I would add that the format of courses may need to adapt in order to allow pastors in the field. Many churches that need good young pastors are not co-located with seminaries. Therefore, the hybrid model must extend to both online classes and Two-week intercession courses.
I like a model that includes some intensive in person training, seminars, development, or conferences on campus. But practically speaking much of the coursework and curriculum should be available online.
Additionally, I would add that young pastors need a route to ministry. And that should include specific positions that are available to them as they are discerning God‘s calling on their life. The internship model must include reflective writing, reports, research, and papers to capture learning.

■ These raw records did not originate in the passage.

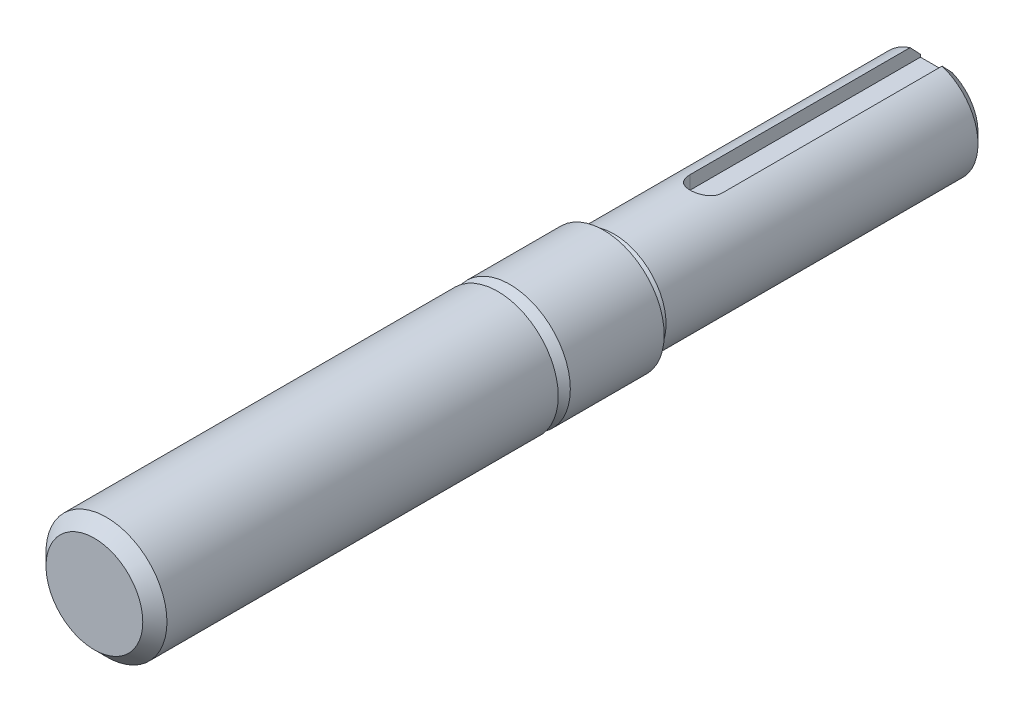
ISO-10303-21;
HEADER;
FILE_DESCRIPTION(('STEP AP214'),'2;1');
FILE_NAME('part.step','',(''),(''),'','','');
FILE_SCHEMA(('AUTOMOTIVE_DESIGN { 1 0 10303 214 1 1 1 1 }'));
ENDSEC;
DATA;
#1=APPLICATION_CONTEXT('core data for automotive mechanical design processes');
#2=APPLICATION_PROTOCOL_DEFINITION('international standard','automotive_design',2000,#1);
#3=PRODUCT_CONTEXT('',#1,'mechanical');
#4=PRODUCT('Part','Part','',(#3));
#5=PRODUCT_RELATED_PRODUCT_CATEGORY('part','',(#4));
#6=PRODUCT_DEFINITION_FORMATION('','',#4);
#7=PRODUCT_DEFINITION_CONTEXT('part definition',#1,'design');
#8=PRODUCT_DEFINITION('design','',#6,#7);
#9=PRODUCT_DEFINITION_SHAPE('','',#8);
#10=(LENGTH_UNIT() NAMED_UNIT(*) SI_UNIT(.MILLI.,.METRE.));
#11=(NAMED_UNIT(*) PLANE_ANGLE_UNIT() SI_UNIT($,.RADIAN.));
#12=(NAMED_UNIT(*) SI_UNIT($,.STERADIAN.) SOLID_ANGLE_UNIT());
#13=UNCERTAINTY_MEASURE_WITH_UNIT(LENGTH_MEASURE(1.E-05),#10,'distance_accuracy_value','');
#14=(GEOMETRIC_REPRESENTATION_CONTEXT(3) GLOBAL_UNCERTAINTY_ASSIGNED_CONTEXT((#13)) GLOBAL_UNIT_ASSIGNED_CONTEXT((#10,
#11,#12)) REPRESENTATION_CONTEXT('',''));
#15=CARTESIAN_POINT('',(0.,0.,0.));
#16=DIRECTION('',(0.,0.,1.));
#17=DIRECTION('',(1.,0.,0.));
#18=AXIS2_PLACEMENT_3D('',#15,#16,#17);
#19=CARTESIAN_POINT('',(0.,0.,0.));
#20=DIRECTION('',(0.,0.,-1.));
#21=DIRECTION('',(-1.,0.,0.));
#22=AXIS2_PLACEMENT_3D('',#19,#20,#21);
#23=PLANE('',#22);
#24=CARTESIAN_POINT('',(0.,0.,0.));
#25=DIRECTION('',(0.,0.,1.));
#26=DIRECTION('',(1.,0.,0.));
#27=AXIS2_PLACEMENT_3D('',#24,#25,#26);
#28=CIRCLE('',#27,4.801616);
#29=CARTESIAN_POINT('',(4.801616,0.,0.));
#30=VERTEX_POINT('',#29);
#31=EDGE_CURVE('E144',#30,#30,#28,.T.);
#32=ORIENTED_EDGE('',*,*,#31,.T.);
#33=EDGE_LOOP('',(#32));
#34=FACE_BOUND('',#33,.T.);
#35=ADVANCED_FACE('F31',(#34),#23,.F.);
#36=CARTESIAN_POINT('',(0.,0.,-1.200404));
#37=DIRECTION('',(0.,0.,-1.));
#38=DIRECTION('',(-1.,0.,0.));
#39=AXIS2_PLACEMENT_3D('',#36,#37,#38);
#40=CONICAL_SURFACE('',#39,6.00202,0.785398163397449);
#41=ORIENTED_EDGE('',*,*,#31,.F.);
#42=EDGE_LOOP('',(#41));
#43=FACE_BOUND('',#42,.T.);
#44=CARTESIAN_POINT('',(0.,0.,-1.200404));
#45=DIRECTION('',(0.,0.,1.));
#46=DIRECTION('',(1.,0.,0.));
#47=AXIS2_PLACEMENT_3D('',#44,#45,#46);
#48=CIRCLE('',#47,6.00202);
#49=CARTESIAN_POINT('',(6.00202,0.,-1.200404));
#50=VERTEX_POINT('',#49);
#51=EDGE_CURVE('E145',#50,#50,#48,.T.);
#52=ORIENTED_EDGE('',*,*,#51,.T.);
#53=EDGE_LOOP('',(#52));
#54=FACE_BOUND('',#53,.T.);
#55=ADVANCED_FACE('F135',(#43,#54),#40,.T.);
#56=CARTESIAN_POINT('',(0.,0.,0.));
#57=DIRECTION('',(0.,0.,1.));
#58=DIRECTION('',(1.,0.,0.));
#59=AXIS2_PLACEMENT_3D('',#56,#57,#58);
#60=CYLINDRICAL_SURFACE('',#59,6.00202);
#61=ORIENTED_EDGE('',*,*,#51,.F.);
#62=EDGE_LOOP('',(#61));
#63=FACE_BOUND('',#62,.T.);
#64=CARTESIAN_POINT('',(0.,0.,-40.0304));
#65=DIRECTION('',(0.,0.,1.));
#66=DIRECTION('',(1.,0.,0.));
#67=AXIS2_PLACEMENT_3D('',#64,#65,#66);
#68=CIRCLE('',#67,6.00202);
#69=CARTESIAN_POINT('',(6.00202,0.,-40.0304));
#70=VERTEX_POINT('',#69);
#71=EDGE_CURVE('E149',#70,#70,#68,.T.);
#72=ORIENTED_EDGE('',*,*,#71,.T.);
#73=EDGE_LOOP('',(#72));
#74=FACE_BOUND('',#73,.T.);
#75=ADVANCED_FACE('F140',(#63,#74),#60,.T.);
#76=CARTESIAN_POINT('',(0.,6.00202,-40.0304));
#77=DIRECTION('',(0.,0.,1.));
#78=DIRECTION('',(1.,0.,0.));
#79=AXIS2_PLACEMENT_3D('',#76,#77,#78);
#80=PLANE('',#79);
#81=ORIENTED_EDGE('',*,*,#71,.F.);
#82=EDGE_LOOP('',(#81));
#83=FACE_BOUND('',#82,.T.);
#84=CARTESIAN_POINT('',(0.,0.,-40.0304));
#85=DIRECTION('',(0.,0.,1.));
#86=DIRECTION('',(1.,0.,0.));
#87=AXIS2_PLACEMENT_3D('',#84,#85,#86);
#88=CIRCLE('',#87,4.801616);
#89=CARTESIAN_POINT('',(4.801616,0.,-40.0304));
#90=VERTEX_POINT('',#89);
#91=EDGE_CURVE('E278',#90,#90,#88,.T.);
#92=ORIENTED_EDGE('',*,*,#91,.T.);
#93=EDGE_LOOP('',(#92));
#94=FACE_BOUND('',#93,.T.);
#95=ADVANCED_FACE('F240',(#83,#94),#80,.F.);
#96=CARTESIAN_POINT('',(0.,0.,-41.230804));
#97=DIRECTION('',(0.,0.,-1.));
#98=DIRECTION('',(-1.,0.,0.));
#99=AXIS2_PLACEMENT_3D('',#96,#97,#98);
#100=CONICAL_SURFACE('',#99,6.00202,0.785398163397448);
#101=ORIENTED_EDGE('',*,*,#91,.F.);
#102=EDGE_LOOP('',(#101));
#103=FACE_BOUND('',#102,.T.);
#104=CARTESIAN_POINT('',(0.,0.,-41.230804));
#105=DIRECTION('',(0.,0.,1.));
#106=DIRECTION('',(1.,0.,0.));
#107=AXIS2_PLACEMENT_3D('',#104,#105,#106);
#108=CIRCLE('',#107,6.00202);
#109=CARTESIAN_POINT('',(6.00202,0.,-41.230804));
#110=VERTEX_POINT('',#109);
#111=EDGE_CURVE('E280',#110,#110,#108,.T.);
#112=ORIENTED_EDGE('',*,*,#111,.T.);
#113=EDGE_LOOP('',(#112));
#114=FACE_BOUND('',#113,.T.);
#115=ADVANCED_FACE('F230',(#103,#114),#100,.T.);
#116=CARTESIAN_POINT('',(0.,0.,0.));
#117=DIRECTION('',(0.,0.,1.));
#118=DIRECTION('',(1.,0.,0.));
#119=AXIS2_PLACEMENT_3D('',#116,#117,#118);
#120=CYLINDRICAL_SURFACE('',#119,6.00202);
#121=ORIENTED_EDGE('',*,*,#111,.F.);
#122=EDGE_LOOP('',(#121));
#123=FACE_BOUND('',#122,.T.);
#124=CARTESIAN_POINT('',(0.,0.,-50.546));
#125=DIRECTION('',(0.,0.,1.));
#126=DIRECTION('',(1.,0.,0.));
#127=AXIS2_PLACEMENT_3D('',#124,#125,#126);
#128=CIRCLE('',#127,6.00202);
#129=CARTESIAN_POINT('',(6.00202,0.,-50.546));
#130=VERTEX_POINT('',#129);
#131=EDGE_CURVE('E285',#130,#130,#128,.T.);
#132=ORIENTED_EDGE('',*,*,#131,.T.);
#133=EDGE_LOOP('',(#132));
#134=FACE_BOUND('',#133,.T.);
#135=ADVANCED_FACE('F220',(#123,#134),#120,.T.);
#136=CARTESIAN_POINT('',(0.,6.00202,-50.546));
#137=DIRECTION('',(0.,0.,1.));
#138=DIRECTION('',(1.,0.,0.));
#139=AXIS2_PLACEMENT_3D('',#136,#137,#138);
#140=PLANE('',#139);
#141=ORIENTED_EDGE('',*,*,#131,.F.);
#142=EDGE_LOOP('',(#141));
#143=FACE_BOUND('',#142,.T.);
#144=CARTESIAN_POINT('',(0.,0.,-50.546));
#145=DIRECTION('',(0.,0.,1.));
#146=DIRECTION('',(1.,0.,0.));
#147=AXIS2_PLACEMENT_3D('',#144,#145,#146);
#148=CIRCLE('',#147,4.64058);
#149=CARTESIAN_POINT('',(4.64058,0.,-50.546));
#150=VERTEX_POINT('',#149);
#151=EDGE_CURVE('E288',#150,#150,#148,.T.);
#152=ORIENTED_EDGE('',*,*,#151,.T.);
#153=EDGE_LOOP('',(#152));
#154=FACE_BOUND('',#153,.T.);
#155=ADVANCED_FACE('F210',(#143,#154),#140,.F.);
#156=CARTESIAN_POINT('',(0.,0.,-51.57724));
#157=DIRECTION('',(0.,0.,-1.));
#158=DIRECTION('',(-1.,0.,0.));
#159=AXIS2_PLACEMENT_3D('',#156,#157,#158);
#160=CONICAL_SURFACE('',#159,5.1562,0.463647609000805);
#161=ORIENTED_EDGE('',*,*,#151,.F.);
#162=EDGE_LOOP('',(#161));
#163=FACE_BOUND('',#162,.T.);
#164=CARTESIAN_POINT('',(0.,0.,-51.57724));
#165=DIRECTION('',(0.,0.,1.));
#166=DIRECTION('',(1.,0.,0.));
#167=AXIS2_PLACEMENT_3D('',#164,#165,#166);
#168=CIRCLE('',#167,5.1562);
#169=CARTESIAN_POINT('',(5.1562,0.,-51.57724));
#170=VERTEX_POINT('',#169);
#171=EDGE_CURVE('E291',#170,#170,#168,.T.);
#172=ORIENTED_EDGE('',*,*,#171,.T.);
#173=EDGE_LOOP('',(#172));
#174=FACE_BOUND('',#173,.T.);
#175=ADVANCED_FACE('F201',(#163,#174),#160,.T.);
#176=CARTESIAN_POINT('',(0.,0.,0.));
#177=DIRECTION('',(0.,0.,1.));
#178=DIRECTION('',(1.,0.,0.));
#179=AXIS2_PLACEMENT_3D('',#176,#177,#178);
#180=CYLINDRICAL_SURFACE('',#179,5.1562);
#181=ORIENTED_EDGE('',*,*,#171,.F.);
#182=EDGE_LOOP('',(#181));
#183=FACE_BOUND('',#182,.T.);
#184=CARTESIAN_POINT('',(1.5901005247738,4.90489334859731,-60.706));
#185=CARTESIAN_POINT('',(1.59010149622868,4.90488949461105,-60.6624812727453));
#186=CARTESIAN_POINT('',(1.58830988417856,4.90547421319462,-60.6189845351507));
#187=CARTESIAN_POINT('',(1.58117072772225,4.90778143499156,-60.5323243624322));
#188=CARTESIAN_POINT('',(1.57582402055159,4.90950367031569,-60.4891608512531));
#189=CARTESIAN_POINT('',(1.55454373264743,4.91630211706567,-60.3608740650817));
#190=CARTESIAN_POINT('',(1.53336950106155,4.92301061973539,-60.2766451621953));
#191=CARTESIAN_POINT('',(1.47778386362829,4.93997823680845,-60.1131632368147));
#192=CARTESIAN_POINT('',(1.44337772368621,4.9502359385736,-60.0339082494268));
#193=CARTESIAN_POINT('',(1.36236584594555,4.97314034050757,-59.8822352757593));
#194=CARTESIAN_POINT('',(1.31575399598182,4.98578823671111,-59.809820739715));
#195=CARTESIAN_POINT('',(1.21000173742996,5.01251931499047,-59.6715224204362));
#196=CARTESIAN_POINT('',(1.15052622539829,5.02663425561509,-59.6059010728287));
#197=CARTESIAN_POINT('',(1.02144883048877,5.05444297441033,-59.4853845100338));
#198=CARTESIAN_POINT('',(0.951845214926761,5.06813668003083,-59.4304911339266));
#199=CARTESIAN_POINT('',(0.802593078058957,5.09392720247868,-59.3318300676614));
#200=CARTESIAN_POINT('',(0.722756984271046,5.10598217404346,-59.2883342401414));
#201=CARTESIAN_POINT('',(0.556471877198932,5.12676756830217,-59.2154913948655));
#202=CARTESIAN_POINT('',(0.470024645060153,5.13549888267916,-59.1861405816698));
#203=CARTESIAN_POINT('',(0.29571936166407,5.14843212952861,-59.1432944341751));
#204=CARTESIAN_POINT('',(0.20798138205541,5.1527620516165,-59.1293499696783));
#205=CARTESIAN_POINT('',(0.031309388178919,5.15686130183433,-59.1162913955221));
#206=CARTESIAN_POINT('',(-0.057624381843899,5.15663154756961,-59.1171743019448));
#207=CARTESIAN_POINT('',(-0.23098952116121,5.15172933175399,-59.1334484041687));
#208=CARTESIAN_POINT('',(-0.315471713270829,5.14720657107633,-59.1483505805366));
#209=CARTESIAN_POINT('',(-0.48067229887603,5.13441530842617,-59.1914399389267));
#210=CARTESIAN_POINT('',(-0.56139049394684,5.12614660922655,-59.2196278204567));
#211=CARTESIAN_POINT('',(-0.717898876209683,5.10659561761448,-59.2888036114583));
#212=CARTESIAN_POINT('',(-0.79361898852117,5.09527863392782,-59.3299398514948));
#213=CARTESIAN_POINT('',(-0.937234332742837,5.07082880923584,-59.4237260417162));
#214=CARTESIAN_POINT('',(-1.00512771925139,5.05769554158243,-59.4763786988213));
#215=CARTESIAN_POINT('',(-1.13405954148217,5.03039044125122,-59.5942038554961));
#216=CARTESIAN_POINT('',(-1.19471071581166,5.01619808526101,-59.6597958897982));
#217=CARTESIAN_POINT('',(-1.3042781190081,4.98883307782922,-59.8003695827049));
#218=CARTESIAN_POINT('',(-1.35319085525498,4.97566073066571,-59.8753540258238));
#219=CARTESIAN_POINT('',(-1.4383373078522,4.95172385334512,-60.0336716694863));
#220=CARTESIAN_POINT('',(-1.47442344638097,4.94098783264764,-60.1170886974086));
#221=CARTESIAN_POINT('',(-1.53187487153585,4.92348195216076,-60.2891794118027));
#222=CARTESIAN_POINT('',(-1.55326277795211,4.91670600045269,-60.3778447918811));
#223=CARTESIAN_POINT('',(-1.57290038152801,4.91043926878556,-60.5071231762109));
#224=CARTESIAN_POINT('',(-1.57739923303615,4.90899410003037,-60.5467793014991));
#225=CARTESIAN_POINT('',(-1.58339624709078,4.90706242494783,-60.6262834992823));
#226=CARTESIAN_POINT('',(-1.58489871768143,4.90657454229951,-60.6661312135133));
#227=CARTESIAN_POINT('',(-1.5848994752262,4.90657641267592,-60.706));
#228=B_SPLINE_CURVE_WITH_KNOTS('',3,(#184,#185,#186,#187,#188,#189,#190,#191,#192,#193,#194,
#195,#196,#197,#198,#199,#200,#201,#202,#203,#204,#205,#206,#207,#208,#209,#210,#211,#212,#213,
#214,#215,#216,#217,#218,#219,#220,#221,#222,#223,#224,#225,#226,#227),.UNSPECIFIED.,.F.,.F.,(4,
2,2,2,2,2,2,2,2,2,2,2,2,2,2,2,2,2,2,2,2,4),(0.,0.130472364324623,0.260914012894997,
0.520881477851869,0.780745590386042,1.04074008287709,1.30856641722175,1.57643862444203,
1.8502144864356,2.12391684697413,2.38941043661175,2.65485059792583,2.91136205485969,
3.16788701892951,3.42746467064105,3.68710340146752,3.95722119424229,4.22741925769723,
4.50063249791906,4.77342433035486,4.89313007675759,5.01266359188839),.UNSPECIFIED.);
#229=CARTESIAN_POINT('',(1.5901005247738,4.90489334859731,-60.706));
#230=VERTEX_POINT('',#229);
#231=CARTESIAN_POINT('',(-1.5848994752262,4.90657641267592,-60.706));
#232=VERTEX_POINT('',#231);
#233=EDGE_CURVE('E11',#230,#232,#228,.T.);
#234=ORIENTED_EDGE('',*,*,#233,.T.);
#235=DIRECTION('',(0.,0.,1.));
#236=VECTOR('',#235,1.);
#237=CARTESIAN_POINT('',(-1.58489947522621,4.90657641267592,0.));
#238=LINE('',#237,#236);
#239=CARTESIAN_POINT('',(-1.5848994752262,4.90657641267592,-82.53476));
#240=VERTEX_POINT('',#239);
#241=EDGE_CURVE('E158',#232,#240,#238,.F.);
#242=ORIENTED_EDGE('',*,*,#241,.T.);
#243=CARTESIAN_POINT('',(0.,0.,-82.53476));
#244=DIRECTION('',(0.,0.,1.));
#245=DIRECTION('',(1.,0.,0.));
#246=AXIS2_PLACEMENT_3D('',#243,#244,#245);
#247=CIRCLE('',#246,5.1562);
#248=CARTESIAN_POINT('',(1.5901005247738,4.90489334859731,-82.53476));
#249=VERTEX_POINT('',#248);
#250=EDGE_CURVE('E157',#240,#249,#247,.T.);
#251=ORIENTED_EDGE('',*,*,#250,.T.);
#252=DIRECTION('',(0.,0.,1.));
#253=VECTOR('',#252,1.);
#254=CARTESIAN_POINT('',(1.59010052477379,4.90489334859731,0.));
#255=LINE('',#254,#253);
#256=EDGE_CURVE('E114',#249,#230,#255,.T.);
#257=ORIENTED_EDGE('',*,*,#256,.T.);
#258=EDGE_LOOP('',(#234,#242,#251,#257));
#259=FACE_BOUND('',#258,.T.);
#260=ADVANCED_FACE('F131',(#183,#259),#180,.T.);
#261=CARTESIAN_POINT('',(0.,0.,-83.566));
#262=DIRECTION('',(0.,0.,1.));
#263=DIRECTION('',(1.,0.,0.));
#264=AXIS2_PLACEMENT_3D('',#261,#262,#263);
#265=CONICAL_SURFACE('',#264,4.12496,0.785398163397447);
#266=ORIENTED_EDGE('',*,*,#250,.F.);
#267=CARTESIAN_POINT('',(-1.5848994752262,6.56838154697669,-80.9340714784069));
#268=CARTESIAN_POINT('',(-1.5848994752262,6.34888531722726,-81.1474033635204));
#269=CARTESIAN_POINT('',(-1.5848994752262,6.12913198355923,-81.3604732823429));
#270=CARTESIAN_POINT('',(-1.5848994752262,5.68888888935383,-81.7857104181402));
#271=CARTESIAN_POINT('',(-1.5848994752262,5.46839938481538,-81.9978779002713));
#272=CARTESIAN_POINT('',(-1.5848994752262,5.02668946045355,-82.4207161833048));
#273=CARTESIAN_POINT('',(-1.5848994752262,4.8054708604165,-82.631388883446));
#274=CARTESIAN_POINT('',(-1.5848994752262,4.36136745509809,-83.0511213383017));
#275=CARTESIAN_POINT('',(-1.5848994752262,4.13848213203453,-83.2601805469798));
#276=CARTESIAN_POINT('',(-1.5848994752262,3.80197349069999,-83.5720818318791));
#277=CARTESIAN_POINT('',(-1.5848994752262,3.68927315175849,-83.675919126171));
#278=CARTESIAN_POINT('',(-1.5848994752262,3.46307977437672,-83.8827165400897));
#279=CARTESIAN_POINT('',(-1.5848994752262,3.34958677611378,-83.9856767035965));
#280=CARTESIAN_POINT('',(-1.5848994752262,3.12166090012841,-84.1903657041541));
#281=CARTESIAN_POINT('',(-1.5848994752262,3.00722886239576,-84.2920954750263));
#282=CARTESIAN_POINT('',(-1.5848994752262,2.77697520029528,-84.4940196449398));
#283=CARTESIAN_POINT('',(-1.5848994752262,2.66115331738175,-84.5942137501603));
#284=CARTESIAN_POINT('',(-1.5848994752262,2.42731604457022,-84.792696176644));
#285=CARTESIAN_POINT('',(-1.5848994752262,2.30929535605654,-84.8909782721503));
#286=CARTESIAN_POINT('',(-1.5848994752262,2.07069135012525,-85.0842875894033));
#287=CARTESIAN_POINT('',(-1.5848994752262,1.95010940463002,-85.1793164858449));
#288=CARTESIAN_POINT('',(-1.5848994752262,1.7662082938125,-85.3182404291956));
#289=CARTESIAN_POINT('',(-1.5848994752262,1.70430860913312,-85.364010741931));
#290=CARTESIAN_POINT('',(-1.5848994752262,1.57934820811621,-85.4539167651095));
#291=CARTESIAN_POINT('',(-1.5848994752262,1.51628772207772,-85.4980527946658));
#292=CARTESIAN_POINT('',(-1.5848994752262,1.38862756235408,-85.5843139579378));
#293=CARTESIAN_POINT('',(-1.5848994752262,1.32402534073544,-85.6264353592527));
#294=CARTESIAN_POINT('',(-1.5848994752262,1.19302221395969,-85.7078737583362));
#295=CARTESIAN_POINT('',(-1.5848994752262,1.12662010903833,-85.747188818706));
#296=CARTESIAN_POINT('',(-1.5848994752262,1.05917775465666,-85.7847166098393));
#297=B_SPLINE_CURVE_WITH_KNOTS('',3,(#267,#268,#269,#270,#271,#272,#273,#274,#275,#276,#277,
#278,#279,#280,#281,#282,#283,#284,#285,#286,#287,#288,#289,#290,#291,#292,#293,#294,#295,#296),
.UNSPECIFIED.,.F.,.F.,(4,2,2,2,2,2,2,2,2,2,2,2,2,2,4),(0.,0.918262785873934,1.83623399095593,
2.7526820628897,3.66942775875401,4.12915475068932,4.58885860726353,5.04818837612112,
5.5076049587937,5.96832725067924,6.42880869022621,6.65973946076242,6.89062489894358,
7.12192271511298,7.35337869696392),.UNSPECIFIED.);
#298=CARTESIAN_POINT('',(-1.5848994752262,3.8083314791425,-83.566));
#299=VERTEX_POINT('',#298);
#300=EDGE_CURVE('E58',#240,#299,#297,.T.);
#301=ORIENTED_EDGE('',*,*,#300,.T.);
#302=CARTESIAN_POINT('',(0.,0.,-83.566));
#303=DIRECTION('',(0.,0.,1.));
#304=DIRECTION('',(1.,0.,0.));
#305=AXIS2_PLACEMENT_3D('',#302,#303,#304);
#306=CIRCLE('',#305,4.12496);
#307=CARTESIAN_POINT('',(1.5901005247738,3.80616280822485,-83.566));
#308=VERTEX_POINT('',#307);
#309=EDGE_CURVE('E154',#299,#308,#306,.T.);
#310=ORIENTED_EDGE('',*,*,#309,.T.);
#311=CARTESIAN_POINT('',(1.5901005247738,1.0565383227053,-85.7818521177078));
#312=CARTESIAN_POINT('',(1.5901005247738,1.09795555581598,-85.7589240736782));
#313=CARTESIAN_POINT('',(1.5901005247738,1.13897548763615,-85.7352954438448));
#314=CARTESIAN_POINT('',(1.5901005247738,1.22029362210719,-85.6868481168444));
#315=CARTESIAN_POINT('',(1.5901005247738,1.26059200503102,-85.6620297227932));
#316=CARTESIAN_POINT('',(1.5901005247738,1.38046810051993,-85.5861371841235));
#317=CARTESIAN_POINT('',(1.5901005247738,1.45910631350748,-85.5335806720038));
#318=CARTESIAN_POINT('',(1.5901005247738,1.61423907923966,-85.4257687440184));
#319=CARTESIAN_POINT('',(1.5901005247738,1.6907378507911,-85.3705193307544));
#320=CARTESIAN_POINT('',(1.5901005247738,1.84221344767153,-85.2579362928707));
#321=CARTESIAN_POINT('',(1.5901005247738,1.91718983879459,-85.200602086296));
#322=CARTESIAN_POINT('',(1.5901005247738,2.06569012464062,-85.0845531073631));
#323=CARTESIAN_POINT('',(1.5901005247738,2.13921778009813,-85.0258431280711));
#324=CARTESIAN_POINT('',(1.5901005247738,2.285289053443,-84.907229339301));
#325=CARTESIAN_POINT('',(1.5901005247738,2.35783276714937,-84.8473256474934));
#326=CARTESIAN_POINT('',(1.5901005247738,2.57437383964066,-84.6661422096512));
#327=CARTESIAN_POINT('',(1.5901005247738,2.71719545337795,-84.5434580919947));
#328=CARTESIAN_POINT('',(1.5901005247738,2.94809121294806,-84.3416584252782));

This path should include youth pastor, worship, leader, or an assistant to associate pastor when appropriate. But pastors need a clear path, salary support, with a promotion schedule and possibly a succession plan. Tell young pastors how they can contribute and what the expectations are and likely outcomes over the next 5 to 10 years. That level of certainty is a grace to them.
I think this is right on and have been the product of this kind of upbringing in my home church in the Memphis area. The only thing I would say is budget for longer. Ministry and maturity take time. My timeline is certainly not the standard but just as an idea, I joined the ministry staff at almost 26, chipped away at school (MA through RTS online) while I worked full time at the church and started a family (I know y’all’s model is different in terms of bivocational). After my wife and I had 5 kids and I picked up loads of ministry experience (teaching, preaching, counseling, funerals, weddings, events, etc) I was ordained at 36, am about to turn 40, and I am one of the teaching pastors on our large staff that is preparing for the transition of our founding pastor in the next few years. When I was 27-34 I thought the process was taking way too long. Now that I’m almost 40 I appreciate it greatly . There are things we will tweak for the future but it has worked well for multiple younger men.